Australian Customs Service / AFP - Getty Images, file
Australia is taking Japan to court to try to prevent whale hunting in the Antarctic as seen above in a 2008 photograph.
Australia took Japan to the International Court of Justice on Wednesday over the hunting of whales in waters off the Antarctic.
The country’s attorney general Mark Dreyfus, told The Associated Press that he was hoping for a ruling that would stop the Japanese fleet from harpooning the creatures in the area, which Australia declared a whale sanctuary in 1999.
"We want commercial whaling to stop and that includes the so-called scientific whaling program that Japan has been carrying on for many years," he said.
"We're hopeful of a decision from the International Court of Justice before the end of the year and certainly before the start of the next whale hunting season.”
Dreyfus added that Japan had killed more than 10,000 whales since 1986, when commercial hunting of the creatures was banned around the world under an International Whaling Commission moratorium.
But the Japanese government can bypass the ban and is allowed catch up to 935 minke whales and 50 fin whales every winter for scientific research.
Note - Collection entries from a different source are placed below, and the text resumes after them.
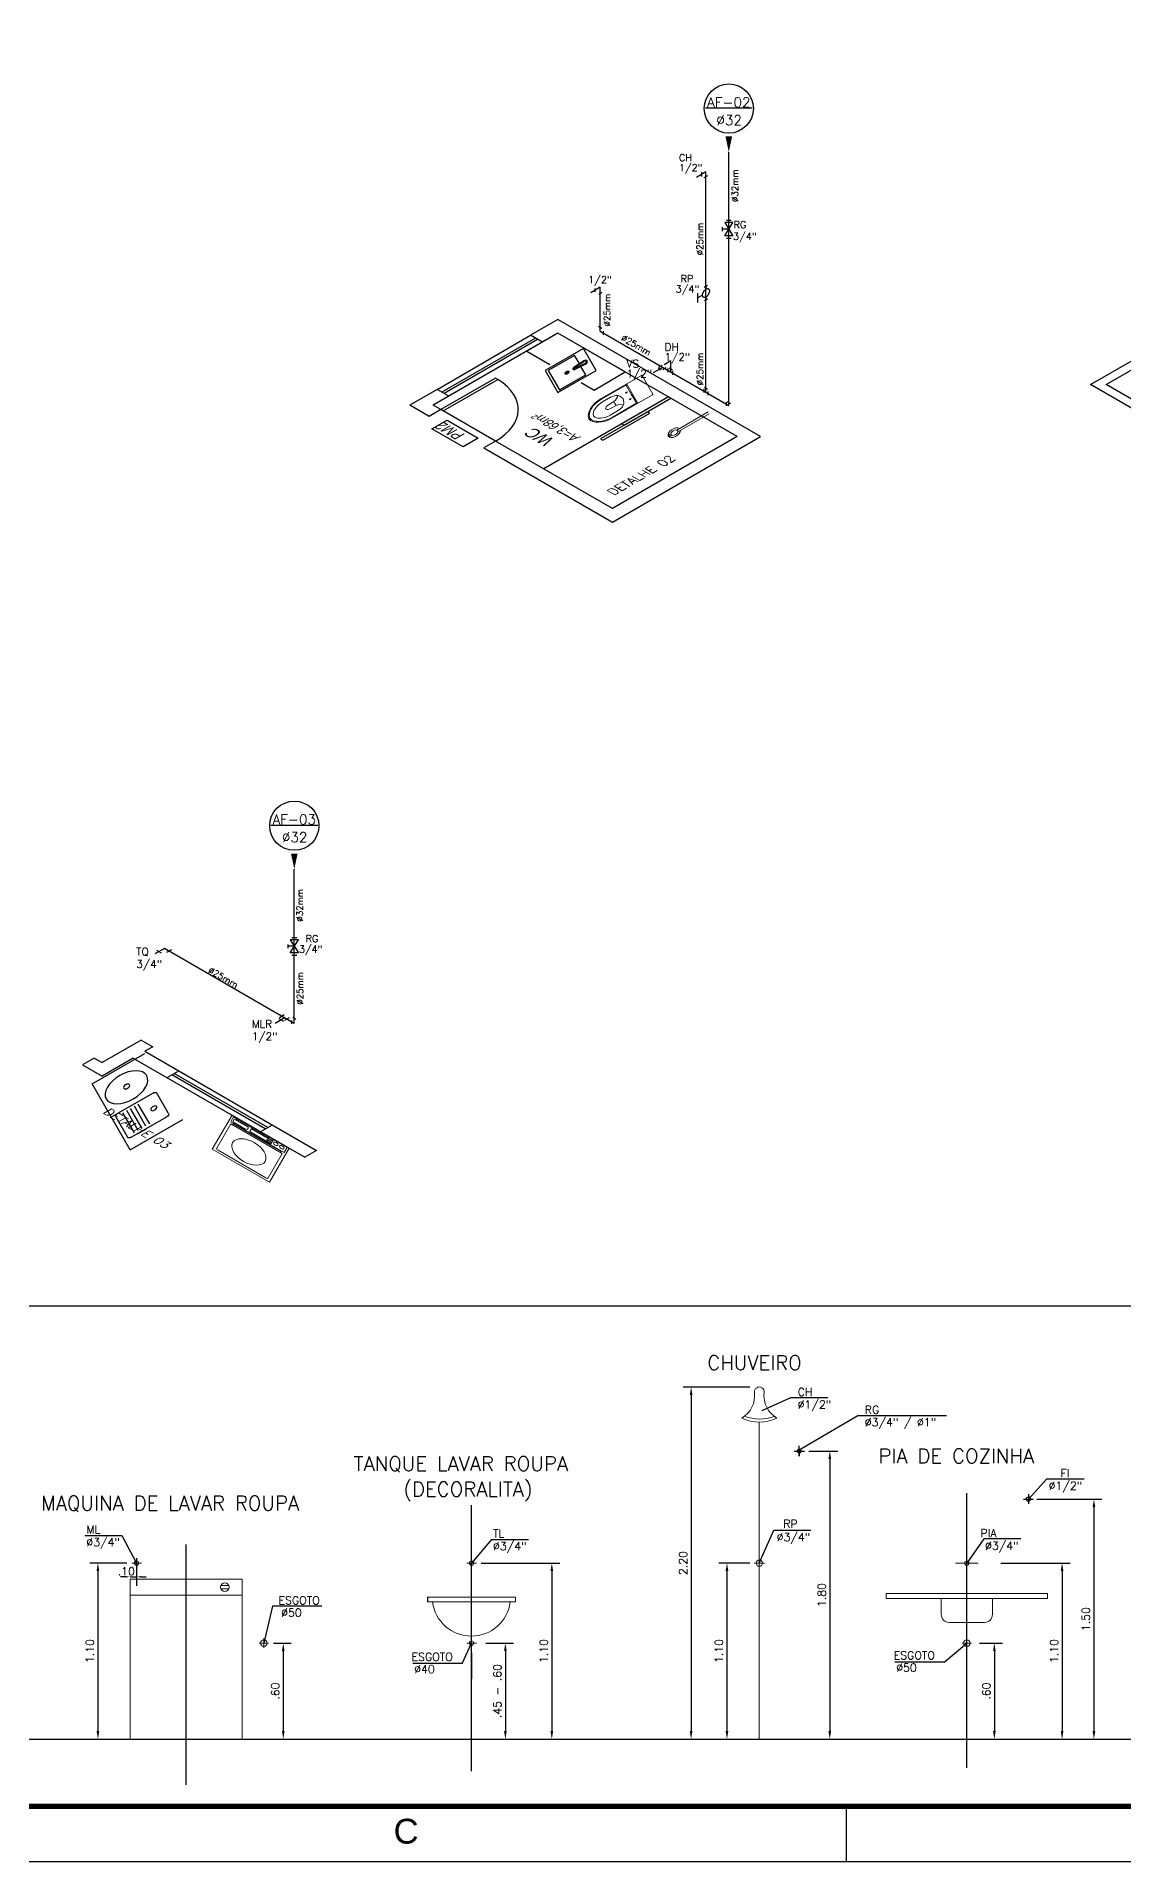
# Model space of a CAD drawing. Header units: millimetres. Extents: x 3923 to 4007, y 744 to 982.
# Drawn here: x 3956.45 to 3976.16, y 743.99 to 777.09 of the extents above; entities that cross this region are included whole.
import ezdxf
from ezdxf.enums import TextEntityAlignment as Align

# ---------------------------------------------------------------- set-up
doc = ezdxf.new("R2010")
doc.units = ezdxf.units.MM
doc.header["$LTSCALE"] = 20
for name, pattern in [('CONTINU', [0]), ('DIVIDE', [1.25, 0.5, -0.25, 0, -0.25, 0, -0.25]), ('HIDDEN2', [0.1875, 0.125, -0.0625])]:
    doc.linetypes.add(name, pattern=pattern)
for name, color, linetype in [('A-PEN-R', 1, 'Continuous'), ('A-PEN-Y', 2, 'Continuous'), ('AF', 5, 'Continuous'), ('CERC02', 3, 'Continuous'), ('CONEXAO_AG_FRIA', 2, 'Continuous'), ('CONEXÃO_HIDRÁULICA', 2, 'Continuous'), ('COTAS01', 7, 'Continuous'), ('Diametro', 2, 'Continuous'), ('E-txt-g', 3, 'Continuous'), ('Esgoto', 5, 'Continuous'), ('ESPECIFICAÇÃO02', 7, 'Continuous'), ('HIDROSSANITÁRIO', 8, 'Continuous'), ('LAYER8', 9, 'Continuous'), ('MOB', 251, 'Continuous'), ("PRANCHA - PROJETU'S", 7, 'Continuous'), ('Prumadas_L', 1, 'Continuous'), ('Prumadas_Q', 3, 'Continuous'), ('Prumadas_T', 2, 'Continuous'), ('TEXT', 2, 'Continuous')]:
    doc.layers.add(name, color=color, linetype=linetype)
for name, color, linetype, lineweight in [('BLOCOS HIDRAULICA', 4, 'Continuous', 9), ('E-Lay-9', 9, 'Continuous', 9), ('E-Txt-W', 7, 'Continuous', 20)]:
    doc.layers.add(name, color=color, linetype=linetype, lineweight=lineweight)
doc.styles.add('ARIAL', font='arial.ttf', dxfattribs={"height": 2})
doc.styles.add('F2', font='ARIALN.TTF')
doc.styles.add('REG60', font='romans.shx', dxfattribs={"width": 0.8, "height": 0.15})
doc.styles.add('REG80', font='romans.shx', dxfattribs={"width": 0.8, "height": 0.2})
doc.styles.add('ROMANS', font='romans__.ttf', dxfattribs={"height": 0.1})

# ---------------------------------------------------------------- blocks, each defined once
blk = doc.blocks.new('ADFSGASDFG')
at = {"layer": "PRANCHA - PROJETU'S", "color": 1}
blk.add_line((276.578, 47.946), (360.678, 47.946), dxfattribs=at)
at = {"layer": "PRANCHA - PROJETU'S", "color": 4, "const_width": 0.1}
blk.add_lwpolyline([(279.078, 106.346), (359.678, 106.346), (359.678, 48.946), (279.078, 48.946)], close=True, dxfattribs=at)
at = {"layer": "PRANCHA - PROJETU'S", "color": 50, "linetype": 'Continuous', "style": 'ARIAL'}
blk.add_text('C', height=0.45, dxfattribs=at).set_placement((316.698, 48.496), align=Align.MIDDLE)
blk.add_text('C', height=0.45, dxfattribs=at).set_placement((316.698, 48.496), align=Align.MIDDLE)
blk = doc.blocks.new('TXT-AMB75')
at = {"layer": 'E-txt-g', "style": 'REG80', "width": 0.8, "flags": 8}
blk.add_attdef('TXT', text='', height=0.2, dxfattribs=at).set_placement((0.005, 0.296), align=Align.CENTER)
at = {"layer": 'E-Txt-W', "style": 'REG60', "width": 0.8, "flags": 8}
blk.add_attdef('TXT', text='', height=0.15, dxfattribs=at).set_placement((0.005, 0.027), align=Align.CENTER)
blk = doc.blocks.new('CUBA QUADRADA-flat-4-flat-1')
at = {"layer": 'MOB'}
blk.add_lwpolyline([(0, -0.2), (0.4, -0.2), (0.4, 0.2), (0, 0.2)], close=True, dxfattribs=at)
blk.add_lwpolyline([(0.1, -0.025), (0.1, -0.175), (0.375, -0.175), (0.375, 0.175), (0.1, 0.175), (0.1, 0.025)], dxfattribs=at)
for points in [[(0.155, -0.02), (0.055, -0.03, -1), (0.055, 0.03), (0.155, 0.02, -1)], [(0.155, -0.01), (0.055, -0.02, -1), (0.055, 0.02), (0.155, 0.01, -1)]]:
    blk.add_lwpolyline(points, format="xyb", close=True, dxfattribs=at)
for radius in [0.02, 0.0125]:
    blk.add_circle((0.238, 0), radius, dxfattribs=at)
blk = doc.blocks.new('vaso-s')
at = {"layer": 'E-Lay-9', "color": 8}
for p, q in [((0, 0.17), (0, 0)), ((0.426, 0.175), (0.005, 0.175)), ((0.16, 0.17), (0.16, 0.17)), ((0.16, 0.17), (0.16, 0)), ((0.426, 0.165), (0.165, 0.165)), ((0.17, 0), (0.17, 0.16)), ((0.213, 0.06), (0.189, 0.06)), ((0.201, 0.048), (0.201, 0.072)), ((0.341, 0.035), (0.341, 0)), ((0.391, 0.035), (0.341, 0.035)), ((0.431, 0.12), (0.346, 0.12)), ((0, -0.17), (0, 0)), ((0.16, -0.17), (0.16, 0)), ((0.426, -0.165), (0.165, -0.165)), ((0.17, 0), (0.17, -0.16)), ((0.213, -0.06), (0.189, -0.06)), ((0.201, -0.048), (0.201, -0.072)), ((0.341, -0.035), (0.341, 0)), ((0.391, -0.035), (0.341, -0.035)), ((0.431, -0.12), (0.346, -0.12)), ((0.426, -0.175), (0.005, -0.175)), ((0.16, -0.17), (0.16, -0.17))]:
    blk.add_line(p, q, dxfattribs=at)
for centre in [(0.201, 0.06), (0.201, -0.06)]:
    blk.add_circle(centre, 0.005, dxfattribs=at)
for centre, radius, start, end in [((0.005, 0.17), 0.005, 90, 180), ((0.155, 0.17), 0.005, 0, 90), ((0.165, 0.17), 0.00495, 180, 270), ((0.426, -0.015), 0.19, 4.5281, 90), ((0.165, 0.16), 0.00495, 0, 90), ((0.518, -0.015), 0.262, 163.0355, 176.7233), ((0.346, 0.038), 0.0825, 90, 163.0355), ((0.375, 0.136), 0.107, 206.9395, 250.9647), ((0.391, -0.015), 0.05, 17.4576, 90), ((0.426, -0.015), 0.18, 4.7802, 90), ((0.431, -0.015), 0.135, 6.3794, 90), ((0.165, -0.17), 0.00495, 90, 180), ((0.165, -0.16), 0.00495, 270, 0), ((0.518, 0.015), 0.262, 183.2767, 196.9645), ((0.346, -0.038), 0.0825, 196.9645, 270), ((0.375, -0.136), 0.107, 109.0353, 153.0605), ((0.391, 0.015), 0.05, 270, 342.5424), ((0.426, 0.015), 0.19, 270, 355.4719), ((0.426, 0.015), 0.18, 270, 355.2198), ((0.431, 0.015), 0.135, 270, 353.6206), ((0.005, -0.17), 0.005, 180, 270), ((0.155, -0.17), 0.005, 270, 0)]:
    blk.add_arc(centre, radius, start, end, dxfattribs=at)
blk = doc.blocks.new('Chuveiro')
at = {"layer": 'E-Lay-9', "color": 8}
for p, q in [((-0.031, 0.016), (-0.36, 0.016)), ((0.051, 0.016), (0.031, 0.016)), ((0.051, 0.016), (0.051, -0.016)), ((-0.031, -0.016), (-0.36, -0.016)), ((0.051, -0.016), (0.031, -0.016))]:
    blk.add_line(p, q, dxfattribs=at)
blk.add_circle((0, 0), 0.0348, dxfattribs=at)
for centre, radius, start, end in [((0, 0), 0.0624, 194.4775, 165.5225), ((0.009, 0), 0.0444, 339.4266, 20.5734)]:
    blk.add_arc(centre, radius, start, end, dxfattribs=at)
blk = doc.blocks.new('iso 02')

They say this is needed to provide data on whale populations so that the international ban on the commercial hunt can be re-examined or possibly lifted.
But once the research is complete the meat can be then be legally sold, which the Japan fleet does.
Jiri Buller / AP
Attorney General of Australia Mark Dreyfus, left, shakes hands with Japanese Deputy Minister of Foreign Affairs Koji Tsuruoka at the International Court of Justice in The Hague, Netherlands, Wednesday.
"Japan seeks to cloak its ongoing commercial whaling in the lab coat of science," Bill Campbell, an Australian government lawyer, told judges of the International Court of Justice in The Hague, Wednesday, according to Reuters.
A spokesman for Greenpeace USA, Phil Klein, called the Japanese research “pointless.”
“When you look at what they have actually discovered, it is actually very little,” he said.
“Whereas the Australians, who launched their own projects, that didn’t involve killing whales, have made some remarkable discoveries, particularly about the deep-lying blue whale.”
He added that the environmental activist group had no role in the “creative case” but he hoped Australia was successful with the challenge.
Australia initiated proceedings against Japan in The Hague court in 2010 alleging Japan’s "large-scale" whaling program breached their international obligations, including for the preservation of marine mammals and the marine environment.
Along with New Zealand, which supports the case, the Australians are pushing to withdraw all whaling permits from the Japanese fleet.
Japan's delegation will be led by the deputy foreign minister, Koji Tsuruoka, U.K. newspaper The Guardian reported.
He is the chief negotiator in Japan's possible participation in the Trans-Pacific Partnership, a region-wide free trade agreement that includes Australia.
A Japanese foreign ministry official declined to speculate about the outcome of the legal bid, The Guardian Reported.
"Japan and Australia have different opinions about whaling, but we enjoy strong bilateral ties and I do not expect the whaling issue to undermine our relationship," the official said.
The Associated Press and Reuters contributed to this report.